Hakimi rushed over to record the process, but the relocation did not take place; instead, the monument was taken down and put in storage once more. On the still-standing monument platform, the city installed a placard that explains that the monument was removed by order of the mayor and that a new monument will be erected in its place. 

Empathy was never part of a lot of it: it wasn’t part of Sims’ experiments, and in a way it wasn’t part of the city’s decision to remove the monument,” Hakimi said.  

Hakimi later added footage of a news reporter speaking in front of Sims’ empty platform to play alongside to the art historian’s speech. Each woman (the historian and the reporter) offers a different framework for the story. One of Hakimi’s embossings offers the artist’s own version of the narrative, in the form of an alternatively worded placard that focuses on the history of the monument and its calls for removal. 

Hakimi made the paper barricades that stand in front of the video screens in consideration of the barricades that have surrounded the monument since protests at the site began in 2017. 

It’s this symbolic barrier being used to protect what belongs to the authorities or what should be protected by the state or the city,” Hakimi said. 

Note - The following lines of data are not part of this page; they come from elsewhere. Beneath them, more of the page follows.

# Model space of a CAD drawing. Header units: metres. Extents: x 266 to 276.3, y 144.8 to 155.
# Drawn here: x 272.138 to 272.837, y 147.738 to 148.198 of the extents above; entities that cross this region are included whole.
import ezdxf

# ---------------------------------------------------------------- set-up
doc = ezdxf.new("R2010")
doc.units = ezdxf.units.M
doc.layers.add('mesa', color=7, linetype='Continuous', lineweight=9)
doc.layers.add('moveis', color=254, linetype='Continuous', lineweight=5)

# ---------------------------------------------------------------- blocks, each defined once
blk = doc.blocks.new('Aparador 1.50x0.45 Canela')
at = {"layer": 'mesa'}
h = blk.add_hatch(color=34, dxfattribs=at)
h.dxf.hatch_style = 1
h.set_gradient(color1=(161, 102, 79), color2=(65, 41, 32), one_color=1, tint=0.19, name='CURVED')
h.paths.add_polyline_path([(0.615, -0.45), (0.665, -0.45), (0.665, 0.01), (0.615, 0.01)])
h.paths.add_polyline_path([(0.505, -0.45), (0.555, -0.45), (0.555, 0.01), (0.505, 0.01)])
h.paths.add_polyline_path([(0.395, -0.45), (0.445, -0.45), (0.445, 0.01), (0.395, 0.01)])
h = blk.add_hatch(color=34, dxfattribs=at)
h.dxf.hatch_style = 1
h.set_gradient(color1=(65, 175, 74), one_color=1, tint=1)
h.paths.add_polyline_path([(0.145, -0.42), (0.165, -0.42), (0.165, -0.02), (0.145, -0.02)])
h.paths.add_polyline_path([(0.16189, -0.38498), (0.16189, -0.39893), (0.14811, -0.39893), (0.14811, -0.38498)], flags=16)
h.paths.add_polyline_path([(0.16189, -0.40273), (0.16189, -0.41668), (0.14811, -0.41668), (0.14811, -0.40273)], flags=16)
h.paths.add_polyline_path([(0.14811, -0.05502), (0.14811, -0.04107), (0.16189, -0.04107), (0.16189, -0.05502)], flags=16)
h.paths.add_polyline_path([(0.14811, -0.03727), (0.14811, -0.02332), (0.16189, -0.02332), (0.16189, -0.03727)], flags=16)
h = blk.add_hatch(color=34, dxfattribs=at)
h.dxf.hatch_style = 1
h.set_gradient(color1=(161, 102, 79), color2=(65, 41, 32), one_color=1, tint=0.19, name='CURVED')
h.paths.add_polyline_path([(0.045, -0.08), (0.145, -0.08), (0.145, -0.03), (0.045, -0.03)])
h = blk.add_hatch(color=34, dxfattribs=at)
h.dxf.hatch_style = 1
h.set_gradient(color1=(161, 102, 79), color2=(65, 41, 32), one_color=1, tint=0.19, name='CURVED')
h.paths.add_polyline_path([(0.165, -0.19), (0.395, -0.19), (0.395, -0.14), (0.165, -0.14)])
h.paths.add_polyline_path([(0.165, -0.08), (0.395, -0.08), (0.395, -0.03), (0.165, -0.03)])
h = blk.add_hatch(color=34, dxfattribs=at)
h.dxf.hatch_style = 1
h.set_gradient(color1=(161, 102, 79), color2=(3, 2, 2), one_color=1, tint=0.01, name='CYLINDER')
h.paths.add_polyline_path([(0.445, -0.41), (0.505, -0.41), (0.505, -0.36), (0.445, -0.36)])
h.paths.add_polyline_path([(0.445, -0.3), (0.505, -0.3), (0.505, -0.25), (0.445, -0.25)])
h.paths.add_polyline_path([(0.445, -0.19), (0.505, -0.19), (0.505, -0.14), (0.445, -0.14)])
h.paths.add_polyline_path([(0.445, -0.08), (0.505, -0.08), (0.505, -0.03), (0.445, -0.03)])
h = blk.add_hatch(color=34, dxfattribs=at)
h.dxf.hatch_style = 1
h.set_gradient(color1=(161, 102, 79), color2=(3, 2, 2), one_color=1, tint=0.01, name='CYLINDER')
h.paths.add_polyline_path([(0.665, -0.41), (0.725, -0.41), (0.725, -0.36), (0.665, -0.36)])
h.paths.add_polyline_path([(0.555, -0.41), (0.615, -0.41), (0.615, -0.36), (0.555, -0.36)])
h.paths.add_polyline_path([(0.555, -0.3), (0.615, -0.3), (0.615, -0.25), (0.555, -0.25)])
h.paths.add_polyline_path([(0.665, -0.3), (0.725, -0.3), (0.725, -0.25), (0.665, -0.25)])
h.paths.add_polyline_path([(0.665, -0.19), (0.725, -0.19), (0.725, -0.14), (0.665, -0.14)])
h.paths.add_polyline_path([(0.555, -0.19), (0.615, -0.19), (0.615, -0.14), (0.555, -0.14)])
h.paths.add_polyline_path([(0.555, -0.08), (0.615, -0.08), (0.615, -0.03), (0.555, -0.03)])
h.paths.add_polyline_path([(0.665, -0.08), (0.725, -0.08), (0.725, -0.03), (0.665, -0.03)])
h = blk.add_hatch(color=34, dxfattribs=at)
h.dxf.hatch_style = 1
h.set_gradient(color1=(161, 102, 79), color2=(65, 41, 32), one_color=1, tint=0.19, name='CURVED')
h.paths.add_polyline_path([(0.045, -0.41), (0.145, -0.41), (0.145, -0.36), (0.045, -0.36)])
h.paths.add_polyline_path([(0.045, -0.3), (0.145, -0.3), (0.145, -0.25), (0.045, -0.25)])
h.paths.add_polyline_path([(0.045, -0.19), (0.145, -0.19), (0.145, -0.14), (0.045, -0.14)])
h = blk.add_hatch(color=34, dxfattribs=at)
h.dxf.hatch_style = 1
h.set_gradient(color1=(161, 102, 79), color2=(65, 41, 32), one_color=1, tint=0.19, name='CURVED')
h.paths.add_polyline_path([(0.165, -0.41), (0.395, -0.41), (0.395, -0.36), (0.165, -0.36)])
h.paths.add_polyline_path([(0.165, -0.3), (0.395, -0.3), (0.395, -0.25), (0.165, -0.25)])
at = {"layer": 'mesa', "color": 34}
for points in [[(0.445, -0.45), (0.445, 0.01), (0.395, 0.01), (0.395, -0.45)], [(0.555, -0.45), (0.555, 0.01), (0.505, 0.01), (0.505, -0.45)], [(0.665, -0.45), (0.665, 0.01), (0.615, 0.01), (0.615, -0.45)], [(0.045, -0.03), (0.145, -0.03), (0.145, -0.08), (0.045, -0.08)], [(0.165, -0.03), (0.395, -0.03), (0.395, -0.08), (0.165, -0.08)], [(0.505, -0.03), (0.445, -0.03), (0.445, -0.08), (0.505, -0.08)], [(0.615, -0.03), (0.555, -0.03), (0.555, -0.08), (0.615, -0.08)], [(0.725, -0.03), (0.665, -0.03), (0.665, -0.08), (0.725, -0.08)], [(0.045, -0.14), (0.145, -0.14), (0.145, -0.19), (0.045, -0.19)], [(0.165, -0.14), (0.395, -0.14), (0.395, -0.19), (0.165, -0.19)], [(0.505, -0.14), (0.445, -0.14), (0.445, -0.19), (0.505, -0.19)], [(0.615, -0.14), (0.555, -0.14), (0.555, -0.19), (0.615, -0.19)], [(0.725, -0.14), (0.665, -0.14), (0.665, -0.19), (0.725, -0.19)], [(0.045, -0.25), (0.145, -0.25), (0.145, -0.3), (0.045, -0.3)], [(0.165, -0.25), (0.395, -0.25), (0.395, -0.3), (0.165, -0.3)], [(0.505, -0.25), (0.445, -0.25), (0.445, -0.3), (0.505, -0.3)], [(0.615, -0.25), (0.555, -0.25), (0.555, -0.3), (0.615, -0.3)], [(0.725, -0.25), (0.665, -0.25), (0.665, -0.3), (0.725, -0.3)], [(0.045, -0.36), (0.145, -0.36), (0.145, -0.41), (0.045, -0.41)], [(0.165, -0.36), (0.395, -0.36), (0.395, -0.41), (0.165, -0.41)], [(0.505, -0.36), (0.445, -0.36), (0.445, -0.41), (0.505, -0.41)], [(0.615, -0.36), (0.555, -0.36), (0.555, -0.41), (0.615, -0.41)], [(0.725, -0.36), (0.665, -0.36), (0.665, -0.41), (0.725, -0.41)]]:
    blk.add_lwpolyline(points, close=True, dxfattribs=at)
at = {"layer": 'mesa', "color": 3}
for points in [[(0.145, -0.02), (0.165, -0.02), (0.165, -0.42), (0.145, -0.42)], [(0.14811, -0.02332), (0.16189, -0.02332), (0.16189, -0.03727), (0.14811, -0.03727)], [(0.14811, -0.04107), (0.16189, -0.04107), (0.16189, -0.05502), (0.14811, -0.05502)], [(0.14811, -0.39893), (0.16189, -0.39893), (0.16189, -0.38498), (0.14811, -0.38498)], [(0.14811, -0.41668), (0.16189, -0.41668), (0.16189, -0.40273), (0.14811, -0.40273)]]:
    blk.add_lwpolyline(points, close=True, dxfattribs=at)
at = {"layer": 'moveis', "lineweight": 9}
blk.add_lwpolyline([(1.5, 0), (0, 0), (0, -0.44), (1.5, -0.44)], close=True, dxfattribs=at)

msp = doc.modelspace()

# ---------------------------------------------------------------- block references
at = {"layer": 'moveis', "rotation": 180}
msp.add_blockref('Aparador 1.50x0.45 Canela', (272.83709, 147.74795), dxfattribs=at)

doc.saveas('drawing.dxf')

When asked why she chose to work in paper, Hakimi said it was a long-term medium of her practice but also reflective of the research, bureaucracy, and materiality that surrounded the monument’s history. 

“When we go to the gynecologist and we lay on the table, we’re in this very vulnerable position for our body to meet an intrusive foreign object. I see this monument as this very intrusive, hard material also, so I thought, how can I fragment or interrupt that? How do we rebuild things using the right materials? Using a softer approach, a translucent approach?

The City of New York has created an open call for proposals for a work to take the place the monument. In her proposal, Hakimi offers to do away with the idea of a static monolith, turning the platform into a stage that can host the work of various artists over time. 

Two other monuments to Sims remain standing — one in his home state of South Carolina and the other in Alabama, where his initial experiments took place.